> _Exercise prompt_: Look through the entries below. Say how many lines include "drawn", with nothing added.

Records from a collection
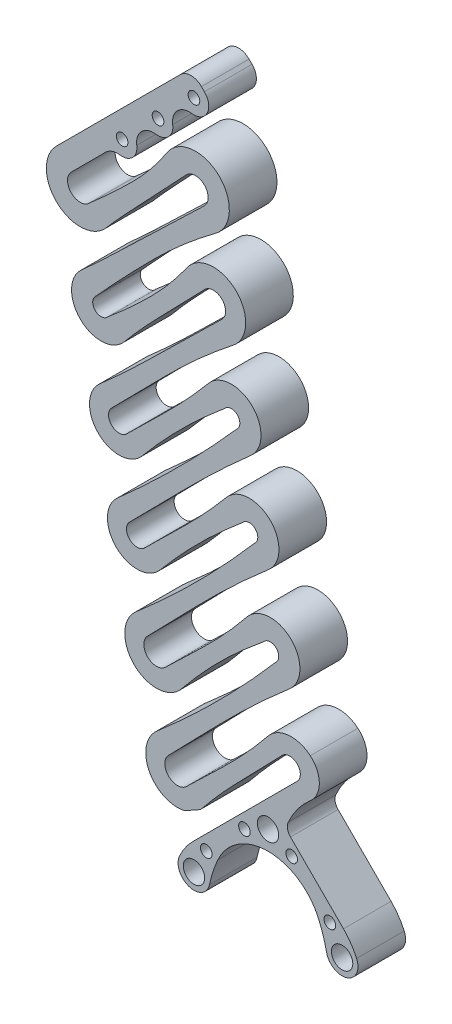
from build123d import *

# Parameters (mm, degrees)
DODANIE_WYCI_GNI_CIE1_DEPTH     = 22.5
WYTNIJ_WYCI_GNI_CIE1_DEPTH      = 22.5
WYTNIJ_WYCI_GNI_CIE2_DEPTH      = 344.165047754
WYTNIJ_WYCI_GNI_CIE2_DEPTH_BACK = 344.165047754
DODANIE_WYCI_GNI_CIE5_DEPTH     = 22.5
WYTNIJ_WYCI_GNI_CIE6_DEPTH      = 344.165047754
WYTNIJ_WYCI_GNI_CIE6_DEPTH_BACK = 344.165047754
DODANIE_WYCI_GNI_CIE8_DEPTH     = 22.5
OTW_R_POD_RUB_M51_D             = 5.5
ZAOKR_GLENIE6_R                 = 7
BODY_MOVE_COPY1_ANGLE           = 33.6329965
BODY_MOVE_COPY2_ANGLE           = 67.2629965
BODY_MOVE_COPY3_ANGLE           = 11.37
CUT_EXTRUDE1_DEPTH              = 394.621212419
SKETCH5_R                       = 5.05
SKETCH5_R_2                     = 2.75
BOSS_EXTRUDE1_DEPTH             = 22.5
CUT_EXTRUDE2_DEPTH              = 391.35937763
FILLET1_R                       = 5
CUT_EXTRUDE3_DEPTH              = 390.415520823


with BuildPart() as part:
    # Szkic1 → Dodanie-wyciągnięcie1 (new body)
    with BuildSketch(Plane.XY):
        with BuildLine():
            Line((0, 0), (0, -8))
            ThreePointArc((0, -8), (-0.585786438, -9.414213562), (-2, -10))
            Line((-2, -10), (-90, -10))
            ThreePointArc((-90, -10), (-96, -16), (-90, -22))
            Line((-90, -22), (-33, -22))
            ThreePointArc((-33, -22), (-19, -36), (-33, -50))
            Line((-33, -50), (-114, -50))
            ThreePointArc((-114, -50), (-118, -54), (-114, -58))
            Line((-114, -58), (-57, -58))
            ThreePointArc((-57, -58), (-43, -72), (-57, -86))
            Line((-57, -86), (-138, -86))
            ThreePointArc((-138, -86), (-142, -90), (-138, -94))
            Line((-138, -94), (-81, -94))
            ThreePointArc((-81, -94), (-67, -108), (-81, -122))
            Line((-81, -122), (-162, -122))
            ThreePointArc((-162, -122), (-166, -126), (-162, -130))
            Line((-162, -130), (-105, -130))
            ThreePointArc((-105, -130), (-91, -144), (-105, -158))
            Line((-105, -158), (-186, -158))
            ThreePointArc((-186, -158), (-191, -163), (-186, -168))
            Line((-186, -168), (-129, -168))
            ThreePointArc((-129, -168), (-115, -182), (-129, -196))
            Line((-129, -196), (-210, -196))
            ThreePointArc((-210, -196), (-215, -201), (-210, -206))
            Line((-210, -206), (-153, -206))
            ThreePointArc((-153, -206), (-139, -220), (-153, -234))
            Line((-153, -234), (-250, -234))
            Line((-250, -234), (-250, -224))
            Line((-250, -224), (-153, -224))
            ThreePointArc((-153, -224), (-149, -220), (-153, -216))
            Line((-153, -216), (-210, -216))
            ThreePointArc((-210, -216), (-225, -201), (-210, -186))
            Line((-210, -186), (-129, -186))
            ThreePointArc((-129, -186), (-125, -182), (-129, -178))
            Line((-129, -178), (-186, -178))
            ThreePointArc((-186, -178), (-201, -163), (-186, -148))
            Line((-186, -148), (-105, -148))
            ThreePointArc((-105, -148), (-101, -144), (-105, -140))
            Line((-105, -140), (-162, -140))
            ThreePointArc((-162, -140), (-176, -126), (-162, -112))
            Line((-162, -112), (-81, -112))
            ThreePointArc((-81, -112), (-77, -108), (-81, -104))
            Line((-81, -104), (-138, -104))
            ThreePointArc((-138, -104), (-152, -90), (-138, -76))
            Line((-138, -76), (-57, -76))
            ThreePointArc((-57, -76), (-53, -72), (-57, -68))
            Line((-57, -68), (-114, -68))
            ThreePointArc((-114, -68), (-128, -54), (-114, -40))
            Line((-114, -40), (-33, -40))
            ThreePointArc((-33, -40), (-29, -36), (-33, -32))
            Line((-33, -32), (-90, -32))
            ThreePointArc((-90, -32), (-106, -16), (-90, 0))
            Line((-90, 0), (0, 0))
        make_face()
    extrude(amount=DODANIE_WYCI_GNI_CIE1_DEPTH)

    # Szkic8 → Wytnij-wyciągnięcie1 (cut)
    with BuildSketch(Plane(origin=(0, 0, 0), x_dir=(-1, 0, 0), z_dir=(0, 0, -1))):
        with BuildLine():
            ThreePointArc((153, -206), (154.051176662, -206.027643413), (155.099447514, -206.110497238))
            ThreePointArc((155.099447514, -206.110497238), (181.5, -207.5), (207.900552486, -206.110497238))
            ThreePointArc((207.900552486, -206.110497238), (208.948823338, -206.027643413), (210, -206))
            Line((210, -206), (153, -206))
        make_face()
        with BuildLine():
            Line((129, -186), (210, -186))
            ThreePointArc((210, -186), (209.25976679, -186.013703325), (208.520547945, -186.054794521))
            ThreePointArc((208.520547945, -186.054794521), (169.5, -187.5), (130.479452055, -186.054794521))
            ThreePointArc((130.479452055, -186.054794521), (129.74023321, -186.013703325), (129, -186))
        make_face()
        with BuildLine():
            ThreePointArc((130.479452055, -195.945205479), (169.5, -194.5), (208.520547945, -195.945205479))
            ThreePointArc((208.520547945, -195.945205479), (209.25976679, -195.986296675), (210, -196))
            Line((210, -196), (129, -196))
            ThreePointArc((129, -196), (129.74023321, -195.986296675), (130.479452055, -195.945205479))
        make_face()
        with BuildLine():
            ThreePointArc((131.099447514, -168.110497238), (157.499999865, -169.499999993), (183.900552216, -168.110497238))
            ThreePointArc((183.900552216, -168.110497238), (184.948823202, -168.027643406), (186, -168))
            Line((186, -168), (129, -168))
            ThreePointArc((129, -168), (130.051176662, -168.027643413), (131.099447514, -168.110497238))
        make_face()
        with BuildLine():
            ThreePointArc((183.900552476, -177.889502761), (157.5, -176.499999993), (131.099447524, -177.889502761))
            ThreePointArc((131.099447524, -177.889502761), (130.051176667, -177.972356586), (129, -178))
            Line((129, -178), (186, -178))
            ThreePointArc((186, -178), (184.948823333, -177.972356586), (183.900552476, -177.889502761))
        make_face()
        with BuildLine():
            ThreePointArc((106.479452055, -157.945205479), (145.5, -156.5), (184.520547945, -157.945205479))
            ThreePointArc((184.520547945, -157.945205479), (185.25976679, -157.986296675), (186, -158))
            Line((186, -158), (105, -158))
            ThreePointArc((105, -158), (105.74023321, -157.986296675), (106.479452055, -157.945205479))
        make_face()
        with BuildLine():
            ThreePointArc((184.520547945, -148.054794521), (145.5, -149.5), (106.479452055, -148.054794521))
            ThreePointArc((106.479452055, -148.054794521), (105.74023321, -148.013703325), (105, -148))
            Line((105, -148), (186, -148))
            ThreePointArc((186, -148), (185.25976679, -148.013703325), (184.520547945, -148.054794521))
        make_face()
        with BuildLine():
            Line((162, -140), (105, -140))
            ThreePointArc((105, -140), (105.876350483, -139.980791021), (106.751017587, -139.923200983))
            ThreePointArc((106.751017587, -139.923200983), (133.5, -138.75), (160.248982413, -139.923200983))
            ThreePointArc((160.248982413, -139.923200983), (161.123649517, -139.980791021), (162, -140))
        make_face()
        with BuildLine():
            ThreePointArc((106.751017587, -130.076799017), (133.5, -131.25), (160.248982413, -130.076799017))
            ThreePointArc((160.248982413, -130.076799017), (161.123649517, -130.019208979), (162, -130))
            Line((162, -130), (105, -130))
            ThreePointArc((105, -130), (105.876350483, -130.019208979), (106.751017587, -130.076799017))
        make_face()
        with BuildLine():
            Line((210, -216), (153, -216))
            ThreePointArc((153, -216), (154.051176662, -215.972356587), (155.099447514, -215.889502762))
            ThreePointArc((155.099447514, -215.889502762), (181.5, -214.5), (207.900552486, -215.889502762))
            ThreePointArc((207.900552486, -215.889502762), (208.948823338, -215.972356587), (210, -216))
        make_face()
        with BuildLine():
            Line((81, -112), (162, -112))
            ThreePointArc((162, -112), (161.383009851, -112.009519186), (160.766607027, -112.038067684))
            ThreePointArc((160.766607027, -112.038067684), (121.5, -113.25), (82.233392973, -112.038067684))
            ThreePointArc((82.233392973, -112.038067684), (81.616990149, -112.009519186), (81, -112))
        make_face()
        with BuildLine():
            ThreePointArc((82.233392973, -121.961932316), (121.5, -120.75), (160.766607027, -121.961932316))
            ThreePointArc((160.766607027, -121.961932316), (161.383009851, -121.990480814), (162, -122))
            Line((162, -122), (81, -122))
            ThreePointArc((81, -122), (81.616990149, -121.990480814), (82.233392973, -121.961932316))
        make_face()
        with BuildLine():
            Line((81, -94), (138, -94))
            ThreePointArc((138, -94), (137.123649517, -94.019208979), (136.248982413, -94.076799017))
            ThreePointArc((136.248982413, -94.076799017), (109.5, -95.25), (82.751017587, -94.076799017))
            ThreePointArc((82.751017587, -94.076799017), (81.876350483, -94.019208979), (81, -94))
        make_face()
        with BuildLine():
            Line((81, -104), (138, -104))
            ThreePointArc((138, -104), (137.123649517, -103.980791021), (136.248982413, -103.923200983))
            ThreePointArc((136.248982413, -103.923200983), (109.5, -102.75), (82.751017587, -103.923200983))
            ThreePointArc((82.751017587, -103.923200983), (81.876350483, -103.980791021), (81, -104))
        make_face()
        with BuildLine():
            ThreePointArc((58.233392973, -85.961932316), (97.5, -84.75), (136.766607027, -85.961932316))
            ThreePointArc((136.766607027, -85.961932316), (137.383009851, -85.990480814), (138, -86))
            Line((138, -86), (57, -86))
            ThreePointArc((57, -86), (57.616990149, -85.990480814), (58.233392973, -85.961932316))
        make_face()
        with BuildLine():
            Line((57, -76), (138, -76))
            ThreePointArc((138, -76), (137.383009851, -76.009519186), (136.766607027, -76.038067684))
            ThreePointArc((136.766607027, -76.038067684), (97.5, -77.25), (58.233392973, -76.038067684))
            ThreePointArc((58.233392973, -76.038067684), (57.616990149, -76.009519186), (57, -76))
        make_face()
        with BuildLine():
            ThreePointArc((58.751017587, -67.923200983), (85.5, -66.75), (112.248982413, -67.923200983))
            ThreePointArc((112.248982413, -67.923200983), (113.123649517, -67.980791021), (114, -68))
            Line((114, -68), (57, -68))
            ThreePointArc((57, -68), (57.876350483, -67.980791021), (58.751017587, -67.923200983))
        make_face()
        with BuildLine():
            ThreePointArc((112.248982413, -58.076799017), (85.5, -59.25), (58.751017587, -58.076799017))
            ThreePointArc((58.751017587, -58.076799017), (57.876350483, -58.019208979), (57, -58))
            Line((57, -58), (114, -58))
            ThreePointArc((114, -58), (113.123649517, -58.019208979), (112.248982413, -58.076799017))
        make_face()
        with BuildLine():
            ThreePointArc((113.012947449, -49.975628332), (73.5, -49), (33.987052551, -49.975628332))
            ThreePointArc((33.987052551, -49.975628332), (33.493676695, -49.993906155), (33, -50))
            Line((33, -50), (114, -50))
            ThreePointArc((114, -50), (113.506323305, -49.993906155), (113.012947449, -49.975628332))
        make_face()
        with BuildLine():
            ThreePointArc((33.987052551, -40.024371668), (73.5, -41), (113.012947449, -40.024371668))
            ThreePointArc((113.012947449, -40.024371668), (113.506323305, -40.006093845), (114, -40))
            Line((114, -40), (33, -40))
            ThreePointArc((33, -40), (33.493676695, -40.006093845), (33.987052551, -40.024371668))
        make_face()
        with BuildLine():
            Line((90, -32), (33, -32))
            ThreePointArc((33, -32), (33.701322803, -31.987699876), (34.40178297, -31.950814633))
            ThreePointArc((34.40178297, -31.950814633), (61.5, -31), (88.59821703, -31.950814633))
            ThreePointArc((88.59821703, -31.950814633), (89.298677197, -31.987699876), (90, -32))
        make_face()
        with BuildLine():
            Line((33, -22), (90, -22))
            ThreePointArc((90, -22), (89.298677197, -22.012300124), (88.59821703, -22.049185367))
            ThreePointArc((88.59821703, -22.049185367), (61.5, -23), (34.40178297, -22.049185367))
            ThreePointArc((34.40178297, -22.049185367), (33.701322803, -22.012300124), (33, -22))
        make_face()
    extrude(amount=-WYTNIJ_WYCI_GNI_CIE1_DEPTH, mode=Mode.SUBTRACT)

    # Szkic9 → Wytnij-wyciągnięcie2 (cut, two sides: drawn at the far end of the back side and taken through both)
    with BuildSketch(Plane.XY.offset(22.5).offset(-WYTNIJ_WYCI_GNI_CIE2_DEPTH_BACK)):
        with BuildLine():
            ThreePointArc((-210.114686482, -206.998903817), (-215.999976535, -200.983219822), (-210.081130595, -195.00054854))
            Line((-210.081130595, -195.00054854), (-176.632731469, -194.548225767))
            Line((-176.632731469, -194.548225767), (-186.307275022, -207.454051681))
            Line((-186.307275022, -207.454051681), (-210.114686482, -206.998903817))
        make_face()
        with BuildLine():
            Line((-153, -224), (-185.619818696, -214.533745616))
            Line((-185.619818696, -214.533745616), (-153.081904944, -214.000670887))
            ThreePointArc((-153.081904944, -214.000670887), (-148.000167725, -218.959046154), (-153, -224))
        make_face()
        with BuildLine():
            Line((-125.640287936, -120.7634612), (-162.032512371, -121.000105707))
            ThreePointArc((-162.032512371, -121.000105707), (-166.999995385, -125.993206635), (-162.046098683, -130.999787487))
            Line((-162.046098683, -130.999787487), (-136.316859996, -131.237014371))
            Line((-136.316859996, -131.237014371), (-125.640287936, -120.7634612))
        make_face()
        with BuildLine():
            Line((-101.640287936, -84.7634612), (-138.032512371, -85.000105707))
            ThreePointArc((-138.032512371, -85.000105707), (-142.999995385, -89.993206635), (-138.046098683, -94.999787487))
            Line((-138.046098683, -94.999787487), (-112.316859996, -95.237014371))
            Line((-112.316859996, -95.237014371), (-101.640287936, -84.7634612))
        make_face()
        with BuildLine():
            Line((-162.307274757, -169.454051676), (-186.114686479, -168.998903817))
            ThreePointArc((-186.114686479, -168.998903817), (-191.999976535, -162.983219824), (-186.081130595, -157.00054854))
            Line((-186.081130595, -157.00054854), (-152.632731469, -156.548225767))
            Line((-152.632731469, -156.548225767), (-162.307274757, -169.454051676))
        make_face()
    extrude(amount=WYTNIJ_WYCI_GNI_CIE2_DEPTH + WYTNIJ_WYCI_GNI_CIE2_DEPTH_BACK, mode=Mode.SUBTRACT)

    # Szkic10 → Dodanie-wyciągnięcie5 (add)
    with BuildSketch(Plane.XY.offset(22.5)):
        with BuildLine():
            ThreePointArc((-58.788214182, -87.144794156), (-80.177318778, -85.289531493), (-101.640287936, -84.7634612))
            Line((-101.640287936, -84.7634612), (-53.175843018, -77.439330373))
            Line((-53.175843018, -77.439330373), (-50.404284984, -64.475807604))
            Line((-50.404284984, -64.475807604), (-85.5, -59.25))
            ThreePointArc((-85.5, -59.25), (-72.527882652, -58.68213777), (-59.655009163, -56.982895541))
            ThreePointArc((-59.655009163, -56.982895541), (-41.756293415, -71.561925178), (-58.788214182, -87.144794156))
        make_face()
        with BuildLine():
            ThreePointArc((-36.331506849, -20.350684932), (-17.007656619, -35.505072545), (-35.357435198, -51.825375171))
            ThreePointArc((-35.357435198, -51.825375171), (-54.376467412, -49.707310065), (-73.5, -49))
            Line((-73.5, -49), (-26.341857482, -38.077852405))
            Line((-26.341857482, -38.077852405), (-28.727188308, -24.939302086))
            Line((-28.727188308, -24.939302086), (-61.5, -23))
            ThreePointArc((-61.5, -23), (-48.846226671, -22.335846622), (-36.331506849, -20.350684932))
        make_face()
    extrude(amount=-DODANIE_WYCI_GNI_CIE5_DEPTH)

    # Szkic11 → Wytnij-wyciągnięcie6 (cut, two sides: drawn at the far end of the back side and taken through both)
    with BuildSketch(Plane.XY.offset(22.5).offset(-WYTNIJ_WYCI_GNI_CIE6_DEPTH_BACK)):
        with BuildLine():
            ThreePointArc((-57.092959597, -66.250751483), (-51.250016731, -71.986129004), (-57.06522023, -77.749630103))
            Line((-57.06522023, -77.749630103), (-104.722147972, -77.209039539))
            Line((-104.722147972, -77.209039539), (-90.439387992, -66.789929872))
            Line((-90.439387992, -66.789929872), (-57.092959597, -66.250751483))
        make_face()
        with BuildLine():
            Line((-72.838868216, -31.166307909), (-33.175966917, -30.002580918))
            ThreePointArc((-33.175966917, -30.002580918), (-27.000057891, -35.973643045), (-33.123269399, -41.998733588))
            Line((-33.123269399, -41.998733588), (-89.948760412, -40.831013099))
            Line((-89.948760412, -40.831013099), (-72.838868216, -31.166307909))
        make_face()
    extrude(amount=WYTNIJ_WYCI_GNI_CIE6_DEPTH + WYTNIJ_WYCI_GNI_CIE6_DEPTH_BACK, mode=Mode.SUBTRACT)

    # Szkic13 → Dodanie-wyciągnięcie8 (add)
    with BuildSketch(Plane.XY.offset(22.5)):
        with BuildLine():
            Line((0, 0), (-67, 0))
            Line((-67, 0), (-67, -10))
            ThreePointArc((-67, -10), (-63.422291236, -10.844582472), (-60.6, -13.2))
            ThreePointArc((-60.6, -13.2), (-55, -16), (-49.4, -13.2))
            ThreePointArc((-49.4, -13.2), (-43, -10), (-36.6, -13.2))
            ThreePointArc((-36.6, -13.2), (-31, -16), (-25.4, -13.2))
            ThreePointArc((-25.4, -13.2), (-19, -10), (-12.6, -13.2))
            ThreePointArc((-12.6, -13.2), (-4.786405638, -15.640783086), (0, -9))
            Line((0, -9), (0, 0))
        make_face()
    extrude(amount=-DODANIE_WYCI_GNI_CIE8_DEPTH)

    # Otwór pod śrubę M51 (through all)
    with Locations(Plane.XY.offset(22.5)):
        with Locations((-31, -9), (-55, -9), (-7, -9)):
            Hole(OTW_R_POD_RUB_M51_D / 2)

    # Zaokrąglenie6
    zaokr_glenie6_edges = [part.edges().sort_by_distance(p)[0] for p in [
        (0, 0, 11.25),
    ]]
    fillet(zaokr_glenie6_edges, radius=ZAOKR_GLENIE6_R)


with BuildPart() as part_1:
    # Body-Move/Copy1: read off the stored shape, not the designer's step
    # Body-Move/Copy1: moved
    add(part.part.moved(Location((167.9277216, -100.9707225, 0))).rotate(Axis((0, 0, 0), (0, 0, -1)), BODY_MOVE_COPY1_ANGLE))


with BuildPart() as part_2:
    # Body-Move/Copy2: read off the stored shape, not the designer's step
    # Body-Move/Copy2: moved
    add(part_1.part.moved(Location((-55.2727925, 367.1347789, -22.5))).rotate(Axis((0, 0, 0), (0, 0, 1)), BODY_MOVE_COPY2_ANGLE))


with BuildPart() as part_3:
    # Body-Move/Copy3: read off the stored shape, not the designer's step
    # Body-Move/Copy3: moved
    add(part_2.part.moved(Location((-47.1047015, 35.4816006, 0))).rotate(Axis((0, 0, 0), (0, 0, 1)), BODY_MOVE_COPY3_ANGLE))

    # Sketch8 → Cut-Extrude1 (cut, through all)
    with BuildSketch(Plane.XY):
        Polygon((-203.812310457, -195.717987627), (-181.237688308, -198.442258643), (-242.892605404, -267.411993872), (-270.300403198, -232.927126257), align=None)
    extrude(amount=-CUT_EXTRUDE1_DEPTH, mode=Mode.SUBTRACT)

    # Sketch5 → Boss-Extrude1 (add)
    with BuildSketch(Plane.XY):
        with BuildLine():
            Line((-191.084388396, -195.717987627), (-156.084388396, -230.717987627))
            ThreePointArc((-156.084388396, -230.717987627), (-159.004198536, -245.396864451), (-171.448349427, -237.081948658))
            ThreePointArc((-171.448349427, -237.081948658), (-177.881321072, -219.960868045), (-193.996918762, -211.312050979))
            ThreePointArc((-193.996918762, -211.312050979), (-214.56943004, -217.514920303), (-223.448349427, -237.081948658))
            ThreePointArc((-223.448349427, -237.081948658), (-235.892500318, -245.396864451), (-238.812310457, -230.717987627))
            Line((-238.812310457, -230.717987627), (-203.812310457, -195.717987627))
            ThreePointArc((-203.812310457, -195.717987627), (-197.448349427, -193.081948658), (-191.084388396, -195.717987627))
        make_face()
        with Locations((-197.448349427, -202.081948658)):
            Circle(SKETCH5_R, mode=Mode.SUBTRACT)
        with Locations((-232.448349427, -237.081948658)):
            Circle(SKETCH5_R, mode=Mode.SUBTRACT)
        with Locations((-162.448349427, -237.081948658)):
            Circle(SKETCH5_R, mode=Mode.SUBTRACT)
        with Locations((-226.636426597, -225.613171578)):
            Circle(SKETCH5_R_2, mode=Mode.SUBTRACT)
        with Locations((-208.605203676, -207.581948658)):
            Circle(SKETCH5_R_2, mode=Mode.SUBTRACT)
        with Locations((-186.291495177, -207.581948658)):
            Circle(SKETCH5_R_2, mode=Mode.SUBTRACT)
        with Locations((-168.260272257, -225.613171578)):
            Circle(SKETCH5_R_2, mode=Mode.SUBTRACT)
    extrude(amount=-BOSS_EXTRUDE1_DEPTH)

    # Sketch9 → Cut-Extrude2 (cut, through all)
    with BuildSketch(Plane.XY):
        with BuildLine():
            ThreePointArc((-239.302040172, -234.036144466), (-234.750690359, -244.219821326), (-225.10668276, -238.614896979))
            ThreePointArc((-225.10668276, -238.614896979), (-223.479622905, -232.4699657), (-221.211584721, -226.531657271))
            ThreePointArc((-221.211584721, -226.531657271), (-232.490808502, -267.345188376), (-233.100480628, -225.006157798))
            ThreePointArc((-233.100480628, -225.006157798), (-236.616914153, -229.235690965), (-239.302040172, -234.036144466))
        make_face()
        with BuildLine():
            ThreePointArc((-169.790016093, -238.614896979), (-160.146008494, -244.219821326), (-155.594658682, -234.036144466))
            ThreePointArc((-155.594658682, -234.036144466), (-158.2797847, -229.235690965), (-161.796218226, -225.006157798))
            ThreePointArc((-161.796218226, -225.006157798), (-163.181965134, -261.296892411), (-173.685114133, -226.531657271))
            ThreePointArc((-173.685114133, -226.531657271), (-171.417075948, -232.4699657), (-169.790016093, -238.614896979))
        make_face()
    extrude(amount=-CUT_EXTRUDE2_DEPTH, mode=Mode.SUBTRACT)

    # Fillet1
    fillet1_edges = [part_3.edges().sort_by_distance(p)[0] for p in [
        (-190.377281513, -196.42509451, -11.25),
    ]]
    fillet(fillet1_edges, radius=FILLET1_R)

    # Sketch10 → Cut-Extrude3 (cut, through all)
    with BuildSketch(Plane.XY):
        with BuildLine():
            Line((-187.873423393, -194.390248821), (-141.443522951, -197.530263815))
            Line((-141.443522951, -197.530263815), (-146.258197059, -153.448494611))
            Line((-146.258197059, -153.448494611), (-177.466549206, -162.028124789))
            ThreePointArc((-177.466549206, -162.028124789), (-173.197981009, -171.151156446), (-177.38352408, -180.312576111))
            ThreePointArc((-177.38352408, -180.312576111), (-183.410346971, -186.768803985), (-187.873423393, -194.390248821))
        make_face()
    extrude(amount=-CUT_EXTRUDE3_DEPTH, mode=Mode.SUBTRACT)


solid = part_3.part

> _Answer to this exercise_: 2